• _Activity_
Would you restate the entries below word for word, starting at the first line and ending with the one that has "(part 5 of 11)"?

• _Data shown_
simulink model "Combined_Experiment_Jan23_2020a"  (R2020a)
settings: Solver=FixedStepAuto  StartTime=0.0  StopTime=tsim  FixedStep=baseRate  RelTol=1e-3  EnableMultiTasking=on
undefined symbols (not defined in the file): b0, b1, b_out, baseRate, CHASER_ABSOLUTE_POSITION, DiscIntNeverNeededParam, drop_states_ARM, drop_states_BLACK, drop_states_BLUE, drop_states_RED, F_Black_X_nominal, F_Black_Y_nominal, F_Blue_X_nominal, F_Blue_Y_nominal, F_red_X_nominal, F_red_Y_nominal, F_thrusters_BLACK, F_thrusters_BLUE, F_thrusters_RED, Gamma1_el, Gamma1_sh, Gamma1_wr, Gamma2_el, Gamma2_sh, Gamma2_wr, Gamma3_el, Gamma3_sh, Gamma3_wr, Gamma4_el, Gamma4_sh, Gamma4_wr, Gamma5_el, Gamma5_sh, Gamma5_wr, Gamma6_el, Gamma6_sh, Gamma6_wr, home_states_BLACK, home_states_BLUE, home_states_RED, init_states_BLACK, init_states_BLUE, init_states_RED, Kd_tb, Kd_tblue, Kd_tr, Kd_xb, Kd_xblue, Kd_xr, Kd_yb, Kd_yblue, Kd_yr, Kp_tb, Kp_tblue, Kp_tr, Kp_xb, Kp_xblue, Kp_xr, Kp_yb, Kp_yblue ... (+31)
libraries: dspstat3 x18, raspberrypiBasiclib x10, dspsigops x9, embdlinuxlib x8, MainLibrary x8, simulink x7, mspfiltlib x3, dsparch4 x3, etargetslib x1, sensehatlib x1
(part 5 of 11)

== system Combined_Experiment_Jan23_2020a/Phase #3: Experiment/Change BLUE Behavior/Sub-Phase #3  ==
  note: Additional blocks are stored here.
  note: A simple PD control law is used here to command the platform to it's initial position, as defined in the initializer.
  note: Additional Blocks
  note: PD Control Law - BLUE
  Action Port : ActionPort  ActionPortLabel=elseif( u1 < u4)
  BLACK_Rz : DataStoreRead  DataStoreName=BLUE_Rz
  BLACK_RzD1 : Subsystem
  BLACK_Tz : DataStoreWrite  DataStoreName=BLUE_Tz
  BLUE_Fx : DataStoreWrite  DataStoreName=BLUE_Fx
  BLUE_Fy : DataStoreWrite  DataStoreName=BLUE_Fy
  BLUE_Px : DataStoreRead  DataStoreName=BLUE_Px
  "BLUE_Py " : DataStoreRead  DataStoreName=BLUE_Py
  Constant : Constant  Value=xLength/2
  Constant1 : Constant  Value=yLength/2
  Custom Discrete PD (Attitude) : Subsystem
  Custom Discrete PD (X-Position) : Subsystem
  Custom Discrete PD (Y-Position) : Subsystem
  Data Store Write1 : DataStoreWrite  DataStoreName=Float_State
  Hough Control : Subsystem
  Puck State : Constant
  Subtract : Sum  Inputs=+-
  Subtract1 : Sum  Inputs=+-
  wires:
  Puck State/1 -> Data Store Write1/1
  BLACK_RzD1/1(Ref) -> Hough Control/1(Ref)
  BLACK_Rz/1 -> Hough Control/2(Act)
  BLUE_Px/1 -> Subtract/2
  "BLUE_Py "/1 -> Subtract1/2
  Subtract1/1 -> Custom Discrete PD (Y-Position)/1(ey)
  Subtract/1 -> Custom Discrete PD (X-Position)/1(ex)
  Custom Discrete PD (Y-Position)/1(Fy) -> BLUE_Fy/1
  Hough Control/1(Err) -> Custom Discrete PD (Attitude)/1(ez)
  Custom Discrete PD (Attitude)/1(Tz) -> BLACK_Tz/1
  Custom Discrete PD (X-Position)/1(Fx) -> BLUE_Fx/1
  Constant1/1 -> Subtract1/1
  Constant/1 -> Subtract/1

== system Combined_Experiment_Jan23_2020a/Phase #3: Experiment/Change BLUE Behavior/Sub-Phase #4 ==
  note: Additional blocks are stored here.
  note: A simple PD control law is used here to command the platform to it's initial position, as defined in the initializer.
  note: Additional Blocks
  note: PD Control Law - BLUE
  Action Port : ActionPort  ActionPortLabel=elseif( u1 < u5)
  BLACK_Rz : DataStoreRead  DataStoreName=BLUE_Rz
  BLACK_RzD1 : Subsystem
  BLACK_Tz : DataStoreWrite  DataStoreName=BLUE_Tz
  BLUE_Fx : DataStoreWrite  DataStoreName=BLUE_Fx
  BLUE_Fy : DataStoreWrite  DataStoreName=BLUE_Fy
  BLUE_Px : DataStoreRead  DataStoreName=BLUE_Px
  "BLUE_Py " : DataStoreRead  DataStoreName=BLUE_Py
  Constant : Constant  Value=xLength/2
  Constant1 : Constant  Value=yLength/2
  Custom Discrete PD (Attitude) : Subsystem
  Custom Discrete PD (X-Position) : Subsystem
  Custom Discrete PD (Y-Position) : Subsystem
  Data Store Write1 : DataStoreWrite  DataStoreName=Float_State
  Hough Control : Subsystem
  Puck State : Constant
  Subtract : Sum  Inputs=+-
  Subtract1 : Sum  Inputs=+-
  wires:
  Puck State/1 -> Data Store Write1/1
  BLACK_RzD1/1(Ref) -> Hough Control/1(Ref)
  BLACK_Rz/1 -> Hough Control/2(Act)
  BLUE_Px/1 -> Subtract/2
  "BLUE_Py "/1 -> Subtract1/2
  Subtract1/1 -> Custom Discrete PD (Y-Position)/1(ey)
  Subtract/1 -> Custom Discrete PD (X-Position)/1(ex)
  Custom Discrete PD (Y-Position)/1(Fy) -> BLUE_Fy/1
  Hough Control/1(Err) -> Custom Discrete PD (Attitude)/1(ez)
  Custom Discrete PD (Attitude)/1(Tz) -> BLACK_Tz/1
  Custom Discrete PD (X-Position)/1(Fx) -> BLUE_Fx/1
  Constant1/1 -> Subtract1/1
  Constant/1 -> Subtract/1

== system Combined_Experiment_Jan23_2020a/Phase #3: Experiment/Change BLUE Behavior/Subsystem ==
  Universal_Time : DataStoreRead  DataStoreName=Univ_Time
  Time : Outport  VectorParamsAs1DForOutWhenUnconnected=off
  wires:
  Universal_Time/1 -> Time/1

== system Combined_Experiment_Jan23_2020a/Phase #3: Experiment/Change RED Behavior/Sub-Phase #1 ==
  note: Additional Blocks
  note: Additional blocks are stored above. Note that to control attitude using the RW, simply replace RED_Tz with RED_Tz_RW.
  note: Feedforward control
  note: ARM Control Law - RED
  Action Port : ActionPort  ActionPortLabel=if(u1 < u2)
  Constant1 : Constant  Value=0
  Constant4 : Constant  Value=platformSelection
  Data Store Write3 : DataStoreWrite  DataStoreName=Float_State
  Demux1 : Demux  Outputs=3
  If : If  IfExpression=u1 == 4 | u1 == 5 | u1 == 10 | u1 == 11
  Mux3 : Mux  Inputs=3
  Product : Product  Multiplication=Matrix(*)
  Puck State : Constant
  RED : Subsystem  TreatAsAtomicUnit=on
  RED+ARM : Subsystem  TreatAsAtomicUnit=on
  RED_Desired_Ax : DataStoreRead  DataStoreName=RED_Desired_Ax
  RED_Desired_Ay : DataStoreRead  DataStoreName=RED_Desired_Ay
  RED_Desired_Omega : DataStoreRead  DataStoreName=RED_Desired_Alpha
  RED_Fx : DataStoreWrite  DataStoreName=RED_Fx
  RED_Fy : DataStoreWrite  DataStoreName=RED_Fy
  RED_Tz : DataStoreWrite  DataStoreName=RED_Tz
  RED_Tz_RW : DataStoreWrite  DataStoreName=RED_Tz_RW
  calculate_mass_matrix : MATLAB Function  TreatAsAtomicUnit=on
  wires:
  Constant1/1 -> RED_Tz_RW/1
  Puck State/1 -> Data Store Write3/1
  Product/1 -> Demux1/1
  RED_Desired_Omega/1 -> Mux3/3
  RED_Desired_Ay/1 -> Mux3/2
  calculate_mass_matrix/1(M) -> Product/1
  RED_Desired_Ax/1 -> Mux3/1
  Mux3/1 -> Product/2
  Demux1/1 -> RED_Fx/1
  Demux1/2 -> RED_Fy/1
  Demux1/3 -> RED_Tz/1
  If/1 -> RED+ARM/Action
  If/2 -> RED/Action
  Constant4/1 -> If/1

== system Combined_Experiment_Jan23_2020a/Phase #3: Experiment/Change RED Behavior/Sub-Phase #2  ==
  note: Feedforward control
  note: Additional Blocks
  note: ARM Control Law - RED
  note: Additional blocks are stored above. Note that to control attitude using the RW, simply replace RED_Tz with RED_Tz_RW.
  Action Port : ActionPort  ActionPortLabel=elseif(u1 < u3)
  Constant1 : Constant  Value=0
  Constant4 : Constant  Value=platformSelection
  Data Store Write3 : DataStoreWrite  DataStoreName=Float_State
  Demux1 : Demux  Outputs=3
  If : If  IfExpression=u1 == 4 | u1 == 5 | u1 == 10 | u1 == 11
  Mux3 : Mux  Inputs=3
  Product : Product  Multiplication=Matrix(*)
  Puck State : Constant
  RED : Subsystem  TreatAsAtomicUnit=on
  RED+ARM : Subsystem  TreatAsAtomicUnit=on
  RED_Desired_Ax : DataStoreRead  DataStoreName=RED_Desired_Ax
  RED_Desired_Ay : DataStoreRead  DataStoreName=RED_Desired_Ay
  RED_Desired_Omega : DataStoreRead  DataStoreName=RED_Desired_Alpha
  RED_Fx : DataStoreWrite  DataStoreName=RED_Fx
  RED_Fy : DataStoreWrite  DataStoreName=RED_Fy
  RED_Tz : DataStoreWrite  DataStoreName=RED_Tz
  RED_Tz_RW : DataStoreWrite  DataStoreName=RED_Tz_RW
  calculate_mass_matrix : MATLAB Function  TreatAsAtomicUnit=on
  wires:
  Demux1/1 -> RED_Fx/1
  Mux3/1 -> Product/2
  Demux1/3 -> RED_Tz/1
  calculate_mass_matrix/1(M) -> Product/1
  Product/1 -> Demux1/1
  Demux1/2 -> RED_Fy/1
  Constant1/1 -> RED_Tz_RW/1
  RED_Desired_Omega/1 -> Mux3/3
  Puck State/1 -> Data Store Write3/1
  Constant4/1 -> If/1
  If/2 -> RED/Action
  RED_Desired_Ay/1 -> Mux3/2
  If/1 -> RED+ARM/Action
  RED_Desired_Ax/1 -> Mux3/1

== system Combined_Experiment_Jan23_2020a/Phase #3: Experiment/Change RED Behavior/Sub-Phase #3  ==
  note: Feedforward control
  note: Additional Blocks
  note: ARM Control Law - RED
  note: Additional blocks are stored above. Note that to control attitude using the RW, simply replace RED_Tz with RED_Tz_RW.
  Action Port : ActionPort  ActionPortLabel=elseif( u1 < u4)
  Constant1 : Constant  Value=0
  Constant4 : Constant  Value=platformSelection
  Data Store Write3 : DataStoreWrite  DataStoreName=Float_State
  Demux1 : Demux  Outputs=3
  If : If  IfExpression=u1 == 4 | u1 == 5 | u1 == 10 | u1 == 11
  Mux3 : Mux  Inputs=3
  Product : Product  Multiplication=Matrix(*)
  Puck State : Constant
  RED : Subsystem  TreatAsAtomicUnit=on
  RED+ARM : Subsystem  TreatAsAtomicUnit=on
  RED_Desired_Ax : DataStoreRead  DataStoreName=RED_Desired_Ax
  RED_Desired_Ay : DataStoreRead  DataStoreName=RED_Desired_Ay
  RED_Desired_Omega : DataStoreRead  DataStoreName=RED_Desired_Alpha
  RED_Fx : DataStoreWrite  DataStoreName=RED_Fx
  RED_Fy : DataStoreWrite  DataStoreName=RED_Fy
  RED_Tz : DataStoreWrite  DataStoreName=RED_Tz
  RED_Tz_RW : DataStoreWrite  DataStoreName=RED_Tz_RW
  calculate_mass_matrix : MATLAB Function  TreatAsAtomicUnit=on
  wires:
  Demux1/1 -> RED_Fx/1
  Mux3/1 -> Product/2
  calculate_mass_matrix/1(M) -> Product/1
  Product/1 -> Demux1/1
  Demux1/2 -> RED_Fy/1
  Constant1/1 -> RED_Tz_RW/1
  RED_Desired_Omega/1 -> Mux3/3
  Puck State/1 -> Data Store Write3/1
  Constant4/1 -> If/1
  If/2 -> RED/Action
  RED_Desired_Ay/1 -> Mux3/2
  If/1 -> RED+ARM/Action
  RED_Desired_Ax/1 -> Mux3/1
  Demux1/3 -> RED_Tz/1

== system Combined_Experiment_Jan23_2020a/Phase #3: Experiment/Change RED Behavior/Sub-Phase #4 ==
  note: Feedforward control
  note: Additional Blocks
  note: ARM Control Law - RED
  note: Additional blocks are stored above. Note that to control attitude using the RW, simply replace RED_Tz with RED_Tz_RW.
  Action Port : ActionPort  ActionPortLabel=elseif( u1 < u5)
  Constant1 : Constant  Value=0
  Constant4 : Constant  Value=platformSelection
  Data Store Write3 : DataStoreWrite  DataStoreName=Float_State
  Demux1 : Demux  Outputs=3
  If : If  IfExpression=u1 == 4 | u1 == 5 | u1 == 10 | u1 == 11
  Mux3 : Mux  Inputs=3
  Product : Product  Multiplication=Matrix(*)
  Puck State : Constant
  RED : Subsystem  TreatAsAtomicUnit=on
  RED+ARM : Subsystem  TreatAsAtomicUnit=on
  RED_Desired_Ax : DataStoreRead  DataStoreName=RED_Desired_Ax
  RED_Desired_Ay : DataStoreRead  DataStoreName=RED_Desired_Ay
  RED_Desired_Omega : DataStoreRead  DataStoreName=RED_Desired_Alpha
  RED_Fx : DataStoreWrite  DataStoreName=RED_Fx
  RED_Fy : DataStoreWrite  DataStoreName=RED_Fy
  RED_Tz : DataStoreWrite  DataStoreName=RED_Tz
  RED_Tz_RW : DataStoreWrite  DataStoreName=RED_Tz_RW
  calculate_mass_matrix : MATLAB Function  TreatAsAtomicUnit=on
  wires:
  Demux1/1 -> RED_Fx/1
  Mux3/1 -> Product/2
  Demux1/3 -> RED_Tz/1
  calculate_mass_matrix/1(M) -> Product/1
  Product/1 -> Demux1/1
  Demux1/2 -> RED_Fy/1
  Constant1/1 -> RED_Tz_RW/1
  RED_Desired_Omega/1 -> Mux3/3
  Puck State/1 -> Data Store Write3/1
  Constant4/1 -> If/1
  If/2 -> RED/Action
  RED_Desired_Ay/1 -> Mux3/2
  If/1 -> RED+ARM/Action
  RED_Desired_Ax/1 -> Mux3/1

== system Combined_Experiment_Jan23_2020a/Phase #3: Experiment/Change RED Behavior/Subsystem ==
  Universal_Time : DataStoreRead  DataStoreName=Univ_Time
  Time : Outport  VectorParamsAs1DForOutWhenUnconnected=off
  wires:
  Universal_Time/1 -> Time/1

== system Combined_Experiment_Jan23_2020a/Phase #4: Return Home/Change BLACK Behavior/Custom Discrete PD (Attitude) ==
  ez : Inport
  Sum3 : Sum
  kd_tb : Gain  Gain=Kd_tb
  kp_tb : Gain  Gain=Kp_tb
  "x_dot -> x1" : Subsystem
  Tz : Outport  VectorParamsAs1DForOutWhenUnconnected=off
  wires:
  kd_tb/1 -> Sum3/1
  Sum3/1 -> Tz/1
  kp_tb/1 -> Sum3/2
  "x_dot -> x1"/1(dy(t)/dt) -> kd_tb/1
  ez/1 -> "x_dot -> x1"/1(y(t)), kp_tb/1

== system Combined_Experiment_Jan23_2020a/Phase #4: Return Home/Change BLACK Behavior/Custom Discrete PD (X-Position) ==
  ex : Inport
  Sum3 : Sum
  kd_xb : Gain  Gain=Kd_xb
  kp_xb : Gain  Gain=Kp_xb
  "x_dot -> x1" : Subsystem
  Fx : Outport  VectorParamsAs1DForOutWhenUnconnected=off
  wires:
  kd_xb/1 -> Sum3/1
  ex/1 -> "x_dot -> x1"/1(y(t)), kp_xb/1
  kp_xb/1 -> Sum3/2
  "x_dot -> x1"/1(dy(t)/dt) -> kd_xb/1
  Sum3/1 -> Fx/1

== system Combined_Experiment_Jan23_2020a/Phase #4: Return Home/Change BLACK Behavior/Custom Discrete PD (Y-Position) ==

• _Solved problem_
simulink model "Combined_Experiment_Jan23_2020a"  (R2020a)
settings: Solver=FixedStepAuto  StartTime=0.0  StopTime=tsim  FixedStep=baseRate  RelTol=1e-3  EnableMultiTasking=on
undefined symbols (not defined in the file): b0, b1, b_out, baseRate, CHASER_ABSOLUTE_POSITION, DiscIntNeverNeededParam, drop_states_ARM, drop_states_BLACK, drop_states_BLUE, drop_states_RED, F_Black_X_nominal, F_Black_Y_nominal, F_Blue_X_nominal, F_Blue_Y_nominal, F_red_X_nominal, F_red_Y_nominal, F_thrusters_BLACK, F_thrusters_BLUE, F_thrusters_RED, Gamma1_el, Gamma1_sh, Gamma1_wr, Gamma2_el, Gamma2_sh, Gamma2_wr, Gamma3_el, Gamma3_sh, Gamma3_wr, Gamma4_el, Gamma4_sh, Gamma4_wr, Gamma5_el, Gamma5_sh, Gamma5_wr, Gamma6_el, Gamma6_sh, Gamma6_wr, home_states_BLACK, home_states_BLUE, home_states_RED, init_states_BLACK, init_states_BLUE, init_states_RED, Kd_tb, Kd_tblue, Kd_tr, Kd_xb, Kd_xblue, Kd_xr, Kd_yb, Kd_yblue, Kd_yr, Kp_tb, Kp_tblue, Kp_tr, Kp_xb, Kp_xblue, Kp_xr, Kp_yb, Kp_yblue ... (+31)
libraries: dspstat3 x18, raspberrypiBasiclib x10, dspsigops x9, embdlinuxlib x8, MainLibrary x8, simulink x7, mspfiltlib x3, dsparch4 x3, etargetslib x1, sensehatlib x1
(part 5 of 11)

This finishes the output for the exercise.